- WORK TO BE COMPLETED -
Take each line of the data that contains the string "ezdxf" and copy it.
◇ ◇ ◇
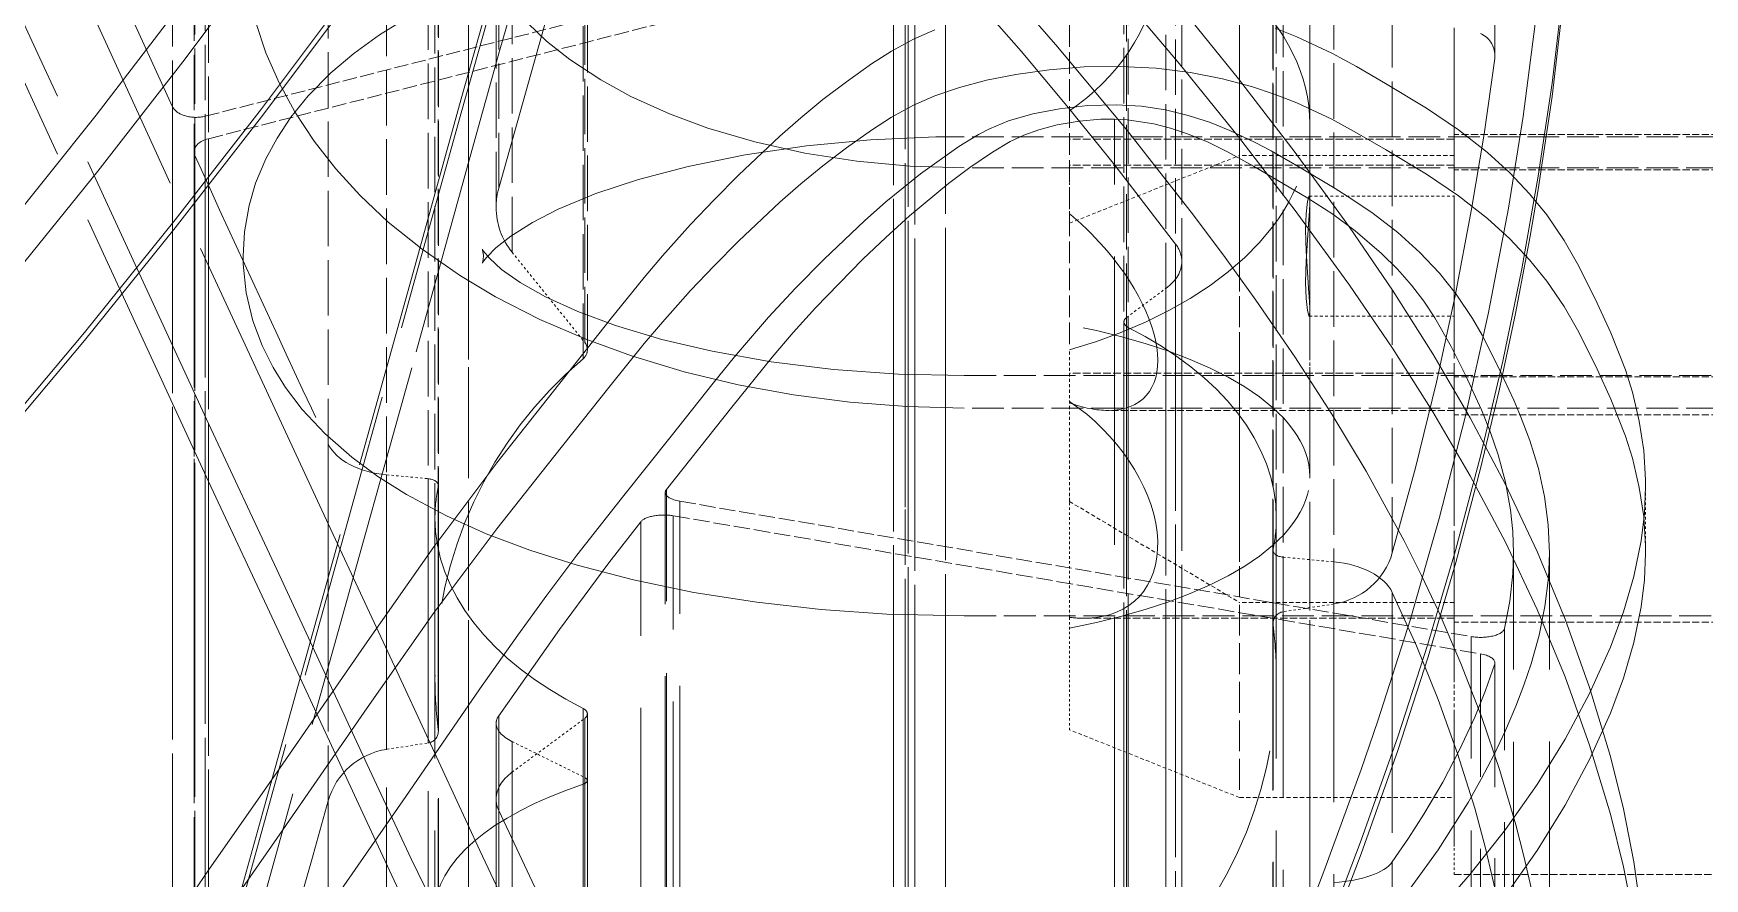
# Model space of a CAD drawing. Header units: millimetres. Extents: x 2408 to 34521, y 2746 to 25454.
# Drawn here: x 14034.2 to 14103.7, y 12192.8 to 12228 of the extents above; entities that cross this region are included whole.
import ezdxf

# ---------------------------------------------------------------- set-up
doc = ezdxf.new("R2010")
doc.units = ezdxf.units.MM
doc.linetypes.add('DASHED', pattern=[15, 12, -3])

# ---------------------------------------------------------------- blocks, each defined once
blk = doc.blocks.new('A$C637D7238')
at = {"color": 7, "linetype": 'DASHED', "lineweight": 13, "ltscale": 0.464721}
blk.add_line((198.301, 1132.197), (198.301, 1411.03), dxfattribs=at)
at = {"color": 7, "linetype": 'DASHED', "lineweight": 13, "ltscale": 0.192269}
blk.add_line((199.99, 1164.997), (199.99, 1280.358), dxfattribs=at)
at = {"color": 7, "linetype": 'DASHED', "lineweight": 13, "ltscale": 0.192268}
blk.add_line((199.998, 1165.122), (199.998, 1280.483), dxfattribs=at)
at = {"color": 7, "linetype": 'DASHED', "lineweight": 13, "ltscale": 0.192289}
blk.add_line((158.556, 1159.595), (158.556, 1274.969), dxfattribs=at)
at = {"color": 7, "linetype": 'DASHED', "lineweight": 13, "ltscale": 0.192292}
blk.add_line((158.448, 1158.802), (158.448, 1274.177), dxfattribs=at)
at = {"color": 7, "linetype": 'DASHED', "lineweight": 13, "ltscale": 0.192297}
blk.add_line((159.11, 1156.932), (159.11, 1272.31), dxfattribs=at)
at = {"color": 7, "linetype": 'DASHED', "lineweight": 13, "ltscale": 0.192307}
blk.add_line((162.135, 1153.185), (162.135, 1268.569), dxfattribs=at)
at = {"color": 7, "linetype": 'DASHED', "lineweight": 13, "ltscale": 0.192308}
for p, q in [((162.245, 1152.873), (162.245, 1268.258)), ((184.565, 1125.623), (184.565, 1241.008)), ((184.675, 1125.312), (184.675, 1240.697))]:
    blk.add_line(p, q, dxfattribs=at)
at = {"color": 7, "linetype": 'DASHED', "lineweight": 13, "ltscale": 0.192309}
for p, q in [((162.069, 1152.494), (162.069, 1267.879)), ((184.741, 1126.001), (184.741, 1241.386))]:
    blk.add_line(p, q, dxfattribs=at)
at = {"color": 7, "linetype": 'DASHED', "lineweight": 13, "ltscale": 0.192321}
for p, q in [((195.729, 1144.426), (195.729, 1259.819)), ((151.464, 1134.099), (151.464, 1249.492))]:
    blk.add_line(p, q, dxfattribs=at)
at = {"color": 7, "linetype": 'DASHED', "lineweight": 13, "ltscale": 0.192323}
for p, q in [((193.301, 1142.293), (193.301, 1257.687)), ((191.187, 1141.969), (191.187, 1257.362)), ((190.764, 1141.478), (190.764, 1256.871)), ((190.768, 1141.415), (190.768, 1256.809)), ((155.905, 1139.238), (155.905, 1254.632)), ((190.905, 1139.24), (190.905, 1254.634)), ((156.043, 1137.063), (156.043, 1252.457)), ((156.047, 1137.001), (156.047, 1252.394)), ((153.896, 1136.245), (153.896, 1251.638)), ((155.623, 1136.51), (155.623, 1251.904))]:
    blk.add_line(p, q, dxfattribs=at)
at = {"color": 7, "linetype": 'DASHED', "lineweight": 13, "ltscale": 0.192303}
blk.add_line((186.314, 1123.289), (186.314, 1238.67), dxfattribs=at)
at = {"color": 7, "linetype": 'DASHED', "lineweight": 13, "ltscale": 0.192298}
blk.add_line((186.975, 1121.425), (186.975, 1236.803), dxfattribs=at)
at = {"color": 7, "linetype": 'DASHED', "lineweight": 13, "ltscale": 0.192294}
blk.add_line((186.716, 1120.215), (186.716, 1235.592), dxfattribs=at)
at = {"color": 7, "linetype": 'DASHED', "lineweight": 13, "ltscale": 0.192271}
blk.add_line((145.882, 1113.816), (145.882, 1229.179), dxfattribs=at)
at = {"color": 7, "linetype": 'DASHED', "lineweight": 13, "ltscale": 0.192272}
blk.add_line((145.917, 1114.076), (145.917, 1229.439), dxfattribs=at)
at = {"color": 7, "linetype": 'DASHED', "lineweight": 13, "ltscale": 0.192267}
blk.add_line((146.488, 1112.905), (146.488, 1228.266), dxfattribs=at)
at = {"color": 7, "linetype": 'DASHED', "lineweight": 13, "ltscale": 0.19226}
blk.add_line((146.351, 1111.346), (146.351, 1226.702), dxfattribs=at)
at = {"color": 7, "linetype": 'DASHED', "lineweight": 13, "ltscale": 0.192257}
blk.add_line((144.992, 1110.695), (144.992, 1226.049), dxfattribs=at)
at = {"color": 7, "linetype": 'DASHED', "lineweight": 13, "ltscale": 0.106987}
for p, q in [((189.372, 1225.151), (189.372, 1160.958)), ((189.372, 1198.43), (189.372, 1134.238))]:
    blk.add_line(p, q, dxfattribs=at)
at = {"color": 7, "linetype": 'DASHED', "lineweight": 13, "ltscale": 0.192204}
blk.add_line((177.142, 1100.866), (177.142, 1216.188), dxfattribs=at)
at = {"color": 7, "linetype": 'DASHED', "lineweight": 13, "ltscale": 0.192201}
blk.add_line((175.866, 1100.423), (175.866, 1215.744), dxfattribs=at)
at = {"color": 7, "linetype": 'DASHED', "lineweight": 13, "ltscale": 0.192193}
blk.add_line((174.978, 1099.185), (174.978, 1214.501), dxfattribs=at)
at = {"color": 7, "linetype": 'DASHED', "lineweight": 13, "ltscale": 0.192184}
blk.add_line((175.461, 1097.798), (175.461, 1213.109), dxfattribs=at)
at = {"color": 7, "linetype": 'DASHED', "lineweight": 13, "ltscale": 0.192187}
blk.add_line((175.584, 1098.275), (175.584, 1213.588), dxfattribs=at)
at = {"color": 7, "linetype": 'DASHED', "lineweight": 13, "ltscale": 0.328568}
blk.add_line((157.301, 1009.537), (157.301, 1206.678), dxfattribs=at)
at = {"color": 7, "linetype": 'DASHED', "lineweight": 13, "ltscale": 0.328569}
blk.add_line((192.301, 1009.537), (192.301, 1206.679), dxfattribs=at)
at = {"color": 7, "linetype": 'DASHED', "lineweight": 13, "ltscale": 0.068777}
blk.add_line((192.301, 1200.327), (192.301, 1159.061), dxfattribs=at)
at = {"color": 7, "linetype": 'DASHED', "lineweight": 13, "ltscale": 0.093789}
blk.add_line((189.372, 1198.627), (189.372, 1142.354), dxfattribs=at)
at = {"color": 7, "linetype": 'DASHED', "lineweight": 13, "ltscale": 0.374806}
for p, q in [((157.301, 973.363), (157.301, 1198.246)), ((192.301, 973.362), (192.301, 1198.246))]:
    blk.add_line(p, q, dxfattribs=at)
at = {"color": 7, "linetype": 'DASHED', "lineweight": 13, "ltscale": 0.075057}
blk.add_line((182.301, 1197.909), (182.301, 1152.875), dxfattribs=at)
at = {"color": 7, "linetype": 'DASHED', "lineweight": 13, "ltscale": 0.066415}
◇ ◇ ◇
- REPLY TO THE EXERCISE -
import ezdxf
doc = ezdxf.new("R2010")
doc.units = ezdxf.units.MM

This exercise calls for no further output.